John Isenbarger

No. 17
- Position: Wide receiver

Personal information
- Born: December 5, 1947 Muncie, Indiana, U.S.
- Died: March 2024 (aged 76)
- Listed height: 6 ft 3 in (1.91 m)
- Listed weight: 203 lb (92 kg)

Career information
- High school: Muncie Central
- College: Indiana
- NFL draft: 1970: 2nd round, 48th overall pick

Career history
- San Francisco 49ers (1970–1973);

Awards and highlights
- Second-team All-American (1969); First-team All-Big Ten (1969); Second-team All-Big Ten (1968);

Career NFL statistics
- Games played: 55
- Rushing attempts-yards: 27-80
- Receptions-yards: 21-291
- Touchdowns: 2
- Stats at Pro Football Reference

= John Isenbarger =

American football player (1947–2024)

John Phillips Isenbarger (December 5, 1947 – March 2024) was an American professional football player who was a wide receiver for the San Francisco 49ers of the National Football League (NFL). He played college football for the Indiana Hoosiers.

==Football career==
===College football===
Isenbarger played college football at Indiana University Bloomington.

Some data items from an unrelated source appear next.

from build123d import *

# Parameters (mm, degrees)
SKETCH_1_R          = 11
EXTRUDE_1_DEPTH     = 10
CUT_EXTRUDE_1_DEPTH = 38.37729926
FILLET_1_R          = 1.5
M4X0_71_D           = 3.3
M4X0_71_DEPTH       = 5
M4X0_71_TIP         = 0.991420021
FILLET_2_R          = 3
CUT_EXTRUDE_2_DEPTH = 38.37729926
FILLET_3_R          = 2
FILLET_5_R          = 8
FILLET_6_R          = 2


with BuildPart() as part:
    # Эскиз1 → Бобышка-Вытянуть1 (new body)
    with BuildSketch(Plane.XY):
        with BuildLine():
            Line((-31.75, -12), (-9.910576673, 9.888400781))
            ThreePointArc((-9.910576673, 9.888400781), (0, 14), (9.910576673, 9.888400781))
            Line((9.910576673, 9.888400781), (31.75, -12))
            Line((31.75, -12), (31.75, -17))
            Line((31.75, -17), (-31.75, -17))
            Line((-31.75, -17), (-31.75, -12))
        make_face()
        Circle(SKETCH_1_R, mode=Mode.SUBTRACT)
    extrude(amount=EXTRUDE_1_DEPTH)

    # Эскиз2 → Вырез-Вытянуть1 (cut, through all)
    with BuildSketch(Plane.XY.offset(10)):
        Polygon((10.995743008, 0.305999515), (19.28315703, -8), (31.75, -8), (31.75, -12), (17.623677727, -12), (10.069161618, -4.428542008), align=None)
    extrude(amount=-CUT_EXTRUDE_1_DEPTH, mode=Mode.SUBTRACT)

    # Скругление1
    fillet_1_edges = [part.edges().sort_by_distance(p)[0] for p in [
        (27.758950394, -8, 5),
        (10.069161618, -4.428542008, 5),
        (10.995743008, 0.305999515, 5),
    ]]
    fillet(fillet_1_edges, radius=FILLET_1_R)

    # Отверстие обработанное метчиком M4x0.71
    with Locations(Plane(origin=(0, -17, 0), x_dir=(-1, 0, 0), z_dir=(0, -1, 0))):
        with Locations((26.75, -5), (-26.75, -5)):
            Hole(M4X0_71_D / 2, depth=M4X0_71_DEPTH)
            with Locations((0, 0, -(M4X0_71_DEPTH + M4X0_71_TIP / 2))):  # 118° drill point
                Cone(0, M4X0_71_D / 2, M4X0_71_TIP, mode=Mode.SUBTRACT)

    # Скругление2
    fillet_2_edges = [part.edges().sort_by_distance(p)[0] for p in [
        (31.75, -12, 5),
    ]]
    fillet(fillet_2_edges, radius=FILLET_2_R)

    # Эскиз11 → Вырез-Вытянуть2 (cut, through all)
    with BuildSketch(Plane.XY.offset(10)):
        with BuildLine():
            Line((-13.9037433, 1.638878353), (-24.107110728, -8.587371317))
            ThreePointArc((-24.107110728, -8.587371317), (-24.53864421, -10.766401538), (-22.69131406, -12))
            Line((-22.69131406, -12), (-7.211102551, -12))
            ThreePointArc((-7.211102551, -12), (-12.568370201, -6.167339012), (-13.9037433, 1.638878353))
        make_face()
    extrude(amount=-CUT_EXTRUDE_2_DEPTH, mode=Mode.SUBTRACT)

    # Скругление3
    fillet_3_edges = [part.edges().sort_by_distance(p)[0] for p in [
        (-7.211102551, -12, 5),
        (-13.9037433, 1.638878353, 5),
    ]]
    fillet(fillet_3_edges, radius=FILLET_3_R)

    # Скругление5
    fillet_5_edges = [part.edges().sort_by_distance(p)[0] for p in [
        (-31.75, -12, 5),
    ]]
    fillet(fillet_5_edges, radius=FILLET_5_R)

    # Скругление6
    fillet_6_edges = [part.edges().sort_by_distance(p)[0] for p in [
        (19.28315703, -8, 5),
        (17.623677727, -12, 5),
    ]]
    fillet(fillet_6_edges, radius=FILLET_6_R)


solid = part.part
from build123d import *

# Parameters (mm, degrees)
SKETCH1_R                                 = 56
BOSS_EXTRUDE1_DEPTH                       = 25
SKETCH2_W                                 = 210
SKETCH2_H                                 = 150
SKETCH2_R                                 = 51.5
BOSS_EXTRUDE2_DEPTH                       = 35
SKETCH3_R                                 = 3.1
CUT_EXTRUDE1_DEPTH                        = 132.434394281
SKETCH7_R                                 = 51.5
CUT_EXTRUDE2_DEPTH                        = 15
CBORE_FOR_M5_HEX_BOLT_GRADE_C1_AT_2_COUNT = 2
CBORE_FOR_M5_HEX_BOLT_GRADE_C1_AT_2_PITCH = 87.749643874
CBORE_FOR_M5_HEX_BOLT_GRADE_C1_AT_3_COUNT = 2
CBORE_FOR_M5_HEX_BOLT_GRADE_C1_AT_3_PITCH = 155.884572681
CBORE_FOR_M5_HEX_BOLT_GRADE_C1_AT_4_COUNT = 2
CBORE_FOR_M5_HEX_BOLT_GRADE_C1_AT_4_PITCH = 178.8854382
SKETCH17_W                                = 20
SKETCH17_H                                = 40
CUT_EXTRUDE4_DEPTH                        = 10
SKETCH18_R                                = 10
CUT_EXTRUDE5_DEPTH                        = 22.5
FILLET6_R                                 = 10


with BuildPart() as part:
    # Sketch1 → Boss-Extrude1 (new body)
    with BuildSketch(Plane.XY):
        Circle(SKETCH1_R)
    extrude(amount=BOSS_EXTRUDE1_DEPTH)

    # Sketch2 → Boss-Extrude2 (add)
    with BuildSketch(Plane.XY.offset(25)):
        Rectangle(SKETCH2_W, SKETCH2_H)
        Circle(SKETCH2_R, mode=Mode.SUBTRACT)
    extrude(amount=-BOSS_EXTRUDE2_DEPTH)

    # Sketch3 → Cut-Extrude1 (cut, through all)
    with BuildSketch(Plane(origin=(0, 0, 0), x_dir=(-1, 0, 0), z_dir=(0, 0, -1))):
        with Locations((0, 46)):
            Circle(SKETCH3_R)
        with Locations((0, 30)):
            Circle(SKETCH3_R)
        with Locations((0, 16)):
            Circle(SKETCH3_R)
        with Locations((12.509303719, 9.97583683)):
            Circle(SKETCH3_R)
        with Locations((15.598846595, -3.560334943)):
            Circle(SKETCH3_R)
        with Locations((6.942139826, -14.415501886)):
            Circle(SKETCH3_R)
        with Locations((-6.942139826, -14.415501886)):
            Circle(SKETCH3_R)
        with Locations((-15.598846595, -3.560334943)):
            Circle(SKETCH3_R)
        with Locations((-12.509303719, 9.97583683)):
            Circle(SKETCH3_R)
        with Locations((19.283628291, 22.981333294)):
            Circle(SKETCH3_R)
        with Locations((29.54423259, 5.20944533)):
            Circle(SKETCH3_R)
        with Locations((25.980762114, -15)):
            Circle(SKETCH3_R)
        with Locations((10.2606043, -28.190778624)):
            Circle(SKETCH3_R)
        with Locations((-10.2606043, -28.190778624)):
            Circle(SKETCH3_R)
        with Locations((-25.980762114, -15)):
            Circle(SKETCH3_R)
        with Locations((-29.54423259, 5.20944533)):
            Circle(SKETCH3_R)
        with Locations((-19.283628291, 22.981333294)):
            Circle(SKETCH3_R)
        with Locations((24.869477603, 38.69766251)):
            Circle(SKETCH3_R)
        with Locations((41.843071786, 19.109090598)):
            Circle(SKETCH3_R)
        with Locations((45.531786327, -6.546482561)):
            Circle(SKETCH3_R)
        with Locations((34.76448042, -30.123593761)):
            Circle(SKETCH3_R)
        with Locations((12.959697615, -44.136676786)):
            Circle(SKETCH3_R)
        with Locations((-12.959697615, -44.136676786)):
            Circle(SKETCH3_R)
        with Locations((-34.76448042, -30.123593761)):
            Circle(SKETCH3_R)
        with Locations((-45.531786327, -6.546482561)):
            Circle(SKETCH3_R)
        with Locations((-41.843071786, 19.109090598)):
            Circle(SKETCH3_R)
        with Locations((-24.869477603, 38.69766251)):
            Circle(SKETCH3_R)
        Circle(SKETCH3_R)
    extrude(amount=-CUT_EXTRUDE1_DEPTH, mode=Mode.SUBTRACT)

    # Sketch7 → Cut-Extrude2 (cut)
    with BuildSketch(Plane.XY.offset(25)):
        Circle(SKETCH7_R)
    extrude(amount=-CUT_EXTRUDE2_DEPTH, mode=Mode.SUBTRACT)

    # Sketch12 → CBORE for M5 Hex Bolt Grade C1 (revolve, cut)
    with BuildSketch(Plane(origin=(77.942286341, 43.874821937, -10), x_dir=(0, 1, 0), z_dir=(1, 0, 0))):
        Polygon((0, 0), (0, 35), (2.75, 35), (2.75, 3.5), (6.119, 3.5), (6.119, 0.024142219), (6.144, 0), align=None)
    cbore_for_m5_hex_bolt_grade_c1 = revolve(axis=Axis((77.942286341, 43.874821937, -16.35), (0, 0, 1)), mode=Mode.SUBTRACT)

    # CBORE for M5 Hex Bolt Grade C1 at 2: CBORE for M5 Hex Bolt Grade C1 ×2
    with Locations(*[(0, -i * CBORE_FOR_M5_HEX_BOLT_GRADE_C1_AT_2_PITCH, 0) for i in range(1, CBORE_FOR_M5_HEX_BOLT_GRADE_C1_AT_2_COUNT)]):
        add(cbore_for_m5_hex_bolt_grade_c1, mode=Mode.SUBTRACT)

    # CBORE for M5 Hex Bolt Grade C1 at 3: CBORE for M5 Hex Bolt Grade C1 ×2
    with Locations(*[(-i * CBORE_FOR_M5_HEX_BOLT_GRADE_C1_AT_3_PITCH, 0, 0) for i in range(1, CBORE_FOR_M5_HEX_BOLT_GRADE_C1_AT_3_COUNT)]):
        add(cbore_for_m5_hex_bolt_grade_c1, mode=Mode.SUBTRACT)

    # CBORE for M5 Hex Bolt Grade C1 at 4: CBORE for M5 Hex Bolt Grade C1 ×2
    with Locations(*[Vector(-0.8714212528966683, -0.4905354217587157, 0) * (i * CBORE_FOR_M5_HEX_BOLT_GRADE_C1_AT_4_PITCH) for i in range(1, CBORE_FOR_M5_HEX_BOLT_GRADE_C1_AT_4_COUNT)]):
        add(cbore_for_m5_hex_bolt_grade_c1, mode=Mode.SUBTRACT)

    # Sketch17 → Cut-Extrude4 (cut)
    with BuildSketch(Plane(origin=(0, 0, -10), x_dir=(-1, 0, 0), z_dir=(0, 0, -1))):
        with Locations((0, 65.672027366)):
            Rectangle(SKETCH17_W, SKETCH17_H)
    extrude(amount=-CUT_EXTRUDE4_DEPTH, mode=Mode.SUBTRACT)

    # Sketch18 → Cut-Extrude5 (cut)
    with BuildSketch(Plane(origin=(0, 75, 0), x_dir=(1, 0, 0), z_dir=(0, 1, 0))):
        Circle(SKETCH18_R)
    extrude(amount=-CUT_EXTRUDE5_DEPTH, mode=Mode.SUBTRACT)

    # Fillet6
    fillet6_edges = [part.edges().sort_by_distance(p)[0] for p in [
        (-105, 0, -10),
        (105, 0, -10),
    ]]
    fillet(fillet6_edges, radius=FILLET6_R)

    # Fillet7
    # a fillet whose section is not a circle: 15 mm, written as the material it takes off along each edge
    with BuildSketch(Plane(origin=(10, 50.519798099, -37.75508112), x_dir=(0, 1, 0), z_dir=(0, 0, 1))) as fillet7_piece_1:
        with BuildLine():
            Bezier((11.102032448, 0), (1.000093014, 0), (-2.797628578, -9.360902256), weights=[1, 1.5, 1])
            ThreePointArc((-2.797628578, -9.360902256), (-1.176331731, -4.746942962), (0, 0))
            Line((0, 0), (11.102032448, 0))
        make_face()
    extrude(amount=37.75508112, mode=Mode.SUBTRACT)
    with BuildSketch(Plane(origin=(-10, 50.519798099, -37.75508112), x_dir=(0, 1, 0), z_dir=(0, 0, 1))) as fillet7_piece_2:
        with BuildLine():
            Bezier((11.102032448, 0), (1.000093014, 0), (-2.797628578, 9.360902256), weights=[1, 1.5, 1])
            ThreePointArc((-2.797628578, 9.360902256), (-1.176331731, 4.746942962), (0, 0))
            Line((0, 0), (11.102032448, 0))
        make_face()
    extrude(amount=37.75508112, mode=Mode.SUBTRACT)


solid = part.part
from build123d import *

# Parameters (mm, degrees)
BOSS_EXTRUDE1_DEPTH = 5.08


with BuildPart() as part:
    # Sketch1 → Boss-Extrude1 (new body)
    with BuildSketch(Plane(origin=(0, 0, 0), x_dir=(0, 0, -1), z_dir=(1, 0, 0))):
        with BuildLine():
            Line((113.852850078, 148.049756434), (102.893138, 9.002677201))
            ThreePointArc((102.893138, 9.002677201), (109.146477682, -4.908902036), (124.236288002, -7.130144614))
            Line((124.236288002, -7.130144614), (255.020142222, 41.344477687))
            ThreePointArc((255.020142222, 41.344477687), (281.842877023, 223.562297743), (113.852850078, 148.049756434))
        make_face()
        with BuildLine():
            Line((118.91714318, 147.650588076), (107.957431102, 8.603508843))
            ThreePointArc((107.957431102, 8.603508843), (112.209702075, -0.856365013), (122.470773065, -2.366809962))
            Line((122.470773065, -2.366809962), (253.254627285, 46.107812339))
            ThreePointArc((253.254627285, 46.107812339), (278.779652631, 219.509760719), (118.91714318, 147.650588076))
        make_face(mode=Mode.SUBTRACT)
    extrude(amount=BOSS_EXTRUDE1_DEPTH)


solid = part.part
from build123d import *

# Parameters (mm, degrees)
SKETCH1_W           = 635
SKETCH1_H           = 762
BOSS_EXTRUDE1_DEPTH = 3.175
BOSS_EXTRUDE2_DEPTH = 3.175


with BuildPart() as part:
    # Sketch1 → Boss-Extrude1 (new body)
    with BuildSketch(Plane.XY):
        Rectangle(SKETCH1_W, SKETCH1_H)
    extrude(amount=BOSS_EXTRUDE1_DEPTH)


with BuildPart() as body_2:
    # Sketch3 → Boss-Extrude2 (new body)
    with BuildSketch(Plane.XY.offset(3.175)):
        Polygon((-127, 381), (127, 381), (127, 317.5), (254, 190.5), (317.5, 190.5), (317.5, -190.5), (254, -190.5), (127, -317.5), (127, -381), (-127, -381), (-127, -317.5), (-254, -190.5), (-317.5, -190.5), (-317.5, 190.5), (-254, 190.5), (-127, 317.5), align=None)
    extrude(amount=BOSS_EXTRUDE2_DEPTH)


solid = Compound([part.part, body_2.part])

===Professional football===
Isenbarger played four seasons for the San Francisco 49ers between 1970 and 1973. In 1974, he signed with the Hawaiians of the upstart World Football League (WFL) where he had his best season as a pro catching 33 passes for 368 yards and 7 touchdowns. He retired from playing following the 1974 season.

==Death==
John Isenbarger's death was announced on March 7, 2024. He was 76.